这一年他预感到大限将至。那预感是一种无形无声的召唤,只自己可察觉。
浮生将尽,回首前尘如观镜中水,所经的得失、浮沉汹涌流逝最终归于静寂。
抱负已经实现,缺憾已成定局。
云游期间,他看到天下迎来盛世,天子权臣秉承的治国之道,正是他退离前拟定的章程。
人们没有忘记他,时不时谈论他生平诸事。说他得到的功名富贵权势,能有人比肩,但无人能超越。又说他为人子嗣夫君父亲缺憾与不足太多,有些行径,甚至是冷血残酷的。
局外人这样的看法是情理之中。
犹记得他辞官致仕当日父亲寻到他面前,歇斯底里起来,“为了个女人而已,你竟疯魔至此!”全忘了早就说过再不想见到他。
母亲老泪纵横“你跟我们置气这些年竟还嫌不够。程家没落,于你有什么好处?”
父亲痛斥他不仁、不孝、不义。
他大笑,拂袖而去。
鲜少有人知道,他无法弥补的缺憾,正是家族促成。
有些人幸运,儿女情只是两个人的事有些人不幸,被家族左右情缘。
他情牵一生的女子,是廖怡君。嫁给他近二十年终被休弃的女子,是廖芝兰。
两女子同宗,祖辈分家,城南城北各过各的。到了她们年少时,情分淡薄如偶有来往的远亲。
与怡君初见时,他正春风得意,她是城南廖家次女,一刻的凝眸相望、半日的学识较量,倾心、相悦。

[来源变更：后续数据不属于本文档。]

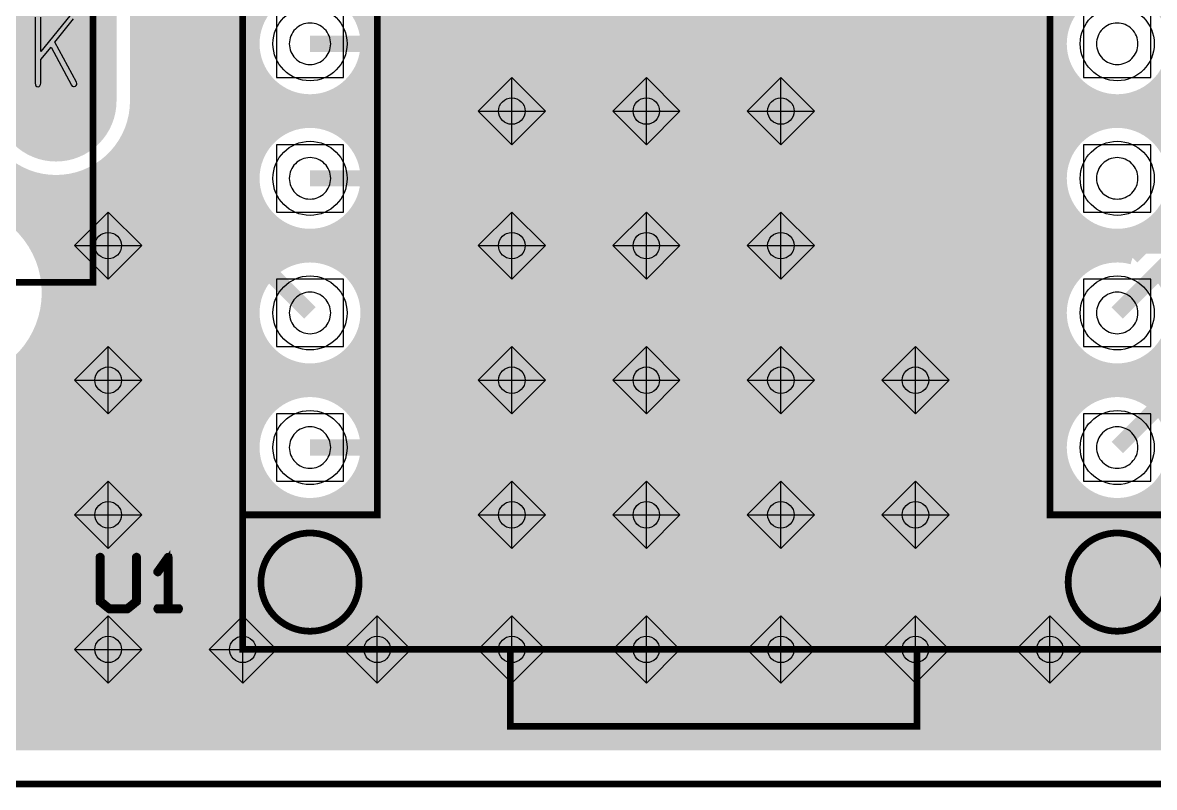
# Model space of a CAD drawing. Extents: x -5 to 108, y -42 to 54.
# Drawn here: x 8.54 to 29.91, y -0.06 to 14.37 of the extents above; entities that cross this region are included whole.
import ezdxf

# ---------------------------------------------------------------- set-up
doc = ezdxf.new("R2010")
doc.units = 0
doc.layers.get('0').update_dxf_attribs({"linetype": 'CONTINUOUS'})
for name, color, linetype in [('CMASK_GDO', 7, 'CONTINUOUS'), ('CSILK_GDO', 6, 'CONTINUOUS'), ('DRILL_GDO', 1, 'CONTINUOUS'), ('LAYER1_GDO', 4, 'CONTINUOUS'), ('LAYER2_GDO', 3, 'CONTINUOUS'), ('SMASK_GDO', 5, 'CONTINUOUS')]:
    doc.layers.add(name, color=color, linetype=linetype)

# ---------------------------------------------------------------- blocks, each defined once
blk = doc.blocks.new('OBLONG_3')
at = {"const_width": 2.286}
blk.add_lwpolyline([(0, 1.0795), (0, -1.0795)], dxfattribs=at)
at = {"const_width": 1.143}
for points in [[(-0.5715, 1.0795, 1), (0.5715, 1.0795, 1)], [(-0.5715, -1.0795, 1), (0.5715, -1.0795, 1)]]:
    blk.add_lwpolyline(points, format="xyb", close=True, dxfattribs=at)
blk = doc.blocks.new('ROUND_5')
blk.add_circle((0, 0), 0.699)
blk = doc.blocks.new('ROUND_15')
blk.add_circle((0, 0), 0.25)

msp = doc.modelspace()

# ---------------------------------------------------------------- linework, layer by layer
at = {"layer": 'CMASK_GDO', "const_width": 0.127}
msp.add_lwpolyline([(0, 0), (41.91, 0), (41.91, 46.99), (0, 46.99), (0, 0)], dxfattribs=at)
at = {"layer": 'CSILK_GDO', "const_width": 0.127}
for points in [[(0, 0), (41.91, 0), (41.91, 46.99), (0, 46.99), (0, 0)], [(12.7, 2.54), (30.48, 2.54), (30.48, 45.72), (12.7, 45.72), (12.7, 2.54)], [(12.7, 5.08), (15.24, 5.08), (15.24, 43.18), (12.7, 43.18), (12.7, 5.08)], [(27.94, 5.08), (30.48, 5.08), (30.48, 43.18), (27.94, 43.18), (27.94, 5.08)], [(-4.52374, 9.46912), (9.87552, 9.46912), (9.87552, 18.47088), (-4.52374, 18.47088), (-4.52374, 9.46912), (-1.02616, 9.46912), (-1.02616, 18.47088), (-4.52374, 18.47088), (-4.52374, 9.46912)], [(9.98728, 3.44678), (9.99236, 3.43662), (9.99236, 3.43154), (9.99744, 3.429), (10.17016, 3.2893), (10.17524, 3.28676), (10.18032, 3.28676), (10.52322, 3.28676), (10.5283, 3.28676), (10.53084, 3.28676), (10.53592, 3.2893), (10.70864, 3.429), (10.70864, 3.43154), (10.71118, 3.43662), (10.71372, 3.44678), (10.71372, 4.28244), (10.71118, 4.29006), (10.70864, 4.2926), (10.70102, 4.29768), (10.6934, 4.30022), (10.68832, 4.29768), (10.67816, 4.2926), (10.67562, 4.29006), (10.67308, 4.28244), (10.67308, 3.45694), (10.5156, 3.3274), (10.18794, 3.3274), (10.03046, 3.45694), (10.03046, 4.28244), (10.02792, 4.29006), (10.02538, 4.2926), (10.01776, 4.29768), (10.0076, 4.30022), (10.00252, 4.29768), (9.9949, 4.2926), (9.98982, 4.29006), (9.98728, 4.28244), (9.98728, 3.44678)], [(11.09472, 3.3274), (11.0871, 3.3274), (11.08202, 3.32232), (11.07694, 3.30708), (11.08202, 3.29184), (11.0871, 3.28676), (11.09472, 3.28676), (11.49096, 3.28676), (11.49858, 3.28676), (11.50366, 3.29184), (11.5062, 3.29946), (11.50874, 3.30708), (11.5062, 3.3147), (11.50366, 3.32232), (11.49858, 3.3274), (11.49096, 3.3274), (11.31062, 3.3274), (11.31062, 4.28244), (11.30808, 4.2926), (11.29538, 4.29768), (11.28522, 4.29768), (11.2776, 4.2926), (11.07948, 4.01574), (11.0744, 4.00812), (11.0744, 4.0005), (11.08456, 3.9878), (11.08964, 3.98526), (11.09726, 3.98272), (11.10488, 3.98526), (11.10996, 3.9878), (11.27252, 4.21894), (11.27252, 3.3274), (11.09472, 3.3274)], [(17.74952, 1.08966), (25.43048, 1.08966), (25.43048, 2.54), (17.74952, 2.54), (17.74952, 1.08966)]]:
    msp.add_lwpolyline(points, dxfattribs=at)
for points in [[(13.97, 4.7371, 0.4142136), (13.0429, 3.81)], [(14.8971, 3.81, 0.4142136), (13.97, 4.7371)], [(29.21, 4.7371, 0.4142136), (28.2829, 3.81)], [(30.1371, 3.81, 0.4142136), (29.21, 4.7371)], [(13.0429, 3.81, 0.4142136), (13.97, 2.8829)], [(13.97, 2.8829, 0.4142136), (14.8971, 3.81)], [(28.2829, 3.81, 0.4142136), (29.21, 2.8829)], [(29.21, 2.8829, 0.4142136), (30.1371, 3.81)]]:
    msp.add_lwpolyline(points, format="xyb", dxfattribs=at)
at = {"layer": 'DRILL_GDO', "const_width": 0.127}
msp.add_lwpolyline([(0, 0), (41.91, 0), (41.91, 46.99), (0, 46.99), (0, 0)], dxfattribs=at)
at = {"layer": 'DRILL_GDO'}
for points in [[(13.335, 13.335), (14.605, 13.335), (14.605, 14.605), (13.335, 14.605), (13.335, 13.335)], [(28.575, 13.335), (29.845, 13.335), (29.845, 14.605), (28.575, 14.605), (28.575, 13.335)], [(8.78078, 14.47292), (8.78078, 13.22578), (8.78586, 13.19784), (8.79602, 13.17498), (8.8138, 13.16482), (8.83666, 13.15974), (8.85444, 13.16482), (8.87222, 13.17752), (8.88492, 13.20038), (8.89, 13.22832), (8.89, 13.67028), (9.0805, 13.9065), (9.46912, 13.18768), (9.48182, 13.1699), (9.50214, 13.16228), (9.51992, 13.16228), (9.54024, 13.1699), (9.55548, 13.1826), (9.56564, 13.20038), (9.56818, 13.22324), (9.56056, 13.2461), (9.15416, 13.99794), (9.50722, 14.44244)], [(9.43356, 14.49832), (8.89, 13.82522), (8.89, 14.47292)], [(17.78, 12.065), (18.415, 12.7), (17.78, 13.335), (17.145, 12.7), (17.78, 12.065)], [(17.78, 12.065), (17.78, 13.335)], [(20.32, 12.065), (20.955, 12.7), (20.32, 13.335), (19.685, 12.7), (20.32, 12.065)], [(20.32, 12.065), (20.32, 13.335)], [(22.86, 12.065), (23.495, 12.7), (22.86, 13.335), (22.225, 12.7), (22.86, 12.065)], [(22.86, 12.065), (22.86, 13.335)], [(17.145, 12.7), (18.415, 12.7)], [(19.685, 12.7), (20.955, 12.7)], [(22.225, 12.7), (23.495, 12.7)], [(13.335, 10.795), (14.605, 10.795), (14.605, 12.065), (13.335, 12.065), (13.335, 10.795)], [(28.575, 10.795), (29.845, 10.795), (29.845, 12.065), (28.575, 12.065), (28.575, 10.795)], [(10.16, 9.525), (10.795, 10.16), (10.16, 10.795), (9.525, 10.16), (10.16, 9.525)], [(10.16, 9.525), (10.16, 10.795)], [(17.78, 9.525), (18.415, 10.16), (17.78, 10.795), (17.145, 10.16), (17.78, 9.525)], [(17.78, 9.525), (17.78, 10.795)], [(20.32, 9.525), (20.955, 10.16), (20.32, 10.795), (19.685, 10.16), (20.32, 9.525)], [(20.32, 9.525), (20.32, 10.795)], [(22.86, 9.525), (23.495, 10.16), (22.86, 10.795), (22.225, 10.16), (22.86, 9.525)], [(22.86, 9.525), (22.86, 10.795)], [(9.525, 10.16), (10.795, 10.16)], [(17.145, 10.16), (18.415, 10.16)], [(19.685, 10.16), (20.955, 10.16)], [(22.225, 10.16), (23.495, 10.16)], [(13.335, 8.255), (14.605, 8.255), (14.605, 9.525), (13.335, 9.525), (13.335, 8.255)], [(28.575, 8.255), (29.845, 8.255), (29.845, 9.525), (28.575, 9.525), (28.575, 8.255)], [(10.16, 6.985), (10.795, 7.62), (10.16, 8.255), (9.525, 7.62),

他及时告知双亲,非怡君不娶。当时风气开化,双亲也开明,允诺怡君长姐的亲事落定之后,便为他上门提亲。
可在后来,事态逆转,两家俱是态度强硬地否决这门亲事,程家勒令他娶廖芝兰,城南廖家则逼迫怡君代替长姐嫁入荣国公周府。
对峙、抗争、哀求,都不奏效。
到底是各自嫁娶。
再往后,知道了自己和怡君被生生拆散的原由:在他年少时,父亲便因野心祸及朝臣子嗣,找的刽子手正是廖芝兰的父兄。
城南廖家一度瞻前顾后,担心程家在朝堂争斗中落败,认为世袭的公侯之家处境更平顺。城北廖家则看准程家世代荣华,更清楚,不结两姓之好,迟早会被灭口。他们并不只是对怡君横刀夺爱,还赌上了前程和性命。婚事不成,两家便是玉石俱焚。
怡君是在知晓这些之后,低头认命。
“退一万步讲,你们就算抛下一切私奔,程家也会命各地官府悬赏缉拿。”一次,廖芝兰与他起了争执,恶毒地说,“我注定要嫁给当世奇才,受尽冷落我也欢喜。廖怡君注定要嫁给品行不端的货色,还要老老实实为婆家开枝散叶。谁叫她牵绊多,合该如此。”
人可以无情,但不能下作,可以残酷,但不能龌龊。
耻辱、憎恨、疼痛沁入骨髓,倒让他清醒过来,不再做行尸走肉,发誓要惩戒那些利用算计他和怡君的人。
光阴长,总觉煎熬。光阴短,总不能尽快如愿。
十几年过去,怡君经历了长姐红颜早逝的殇痛,一双儿女长大成人。
再有交集,是她嫁的那男子和儿女先后行差踏错。她聪慧,有城府,定能让那男子自食恶果,带儿女走出困局。但他出手的话,她便不会太辛苦,因此邀她相见。
他能够无视繁文缛节,跨越岁月长河,将彼此身边的人逐走、除掉,仍是不能换得团圆。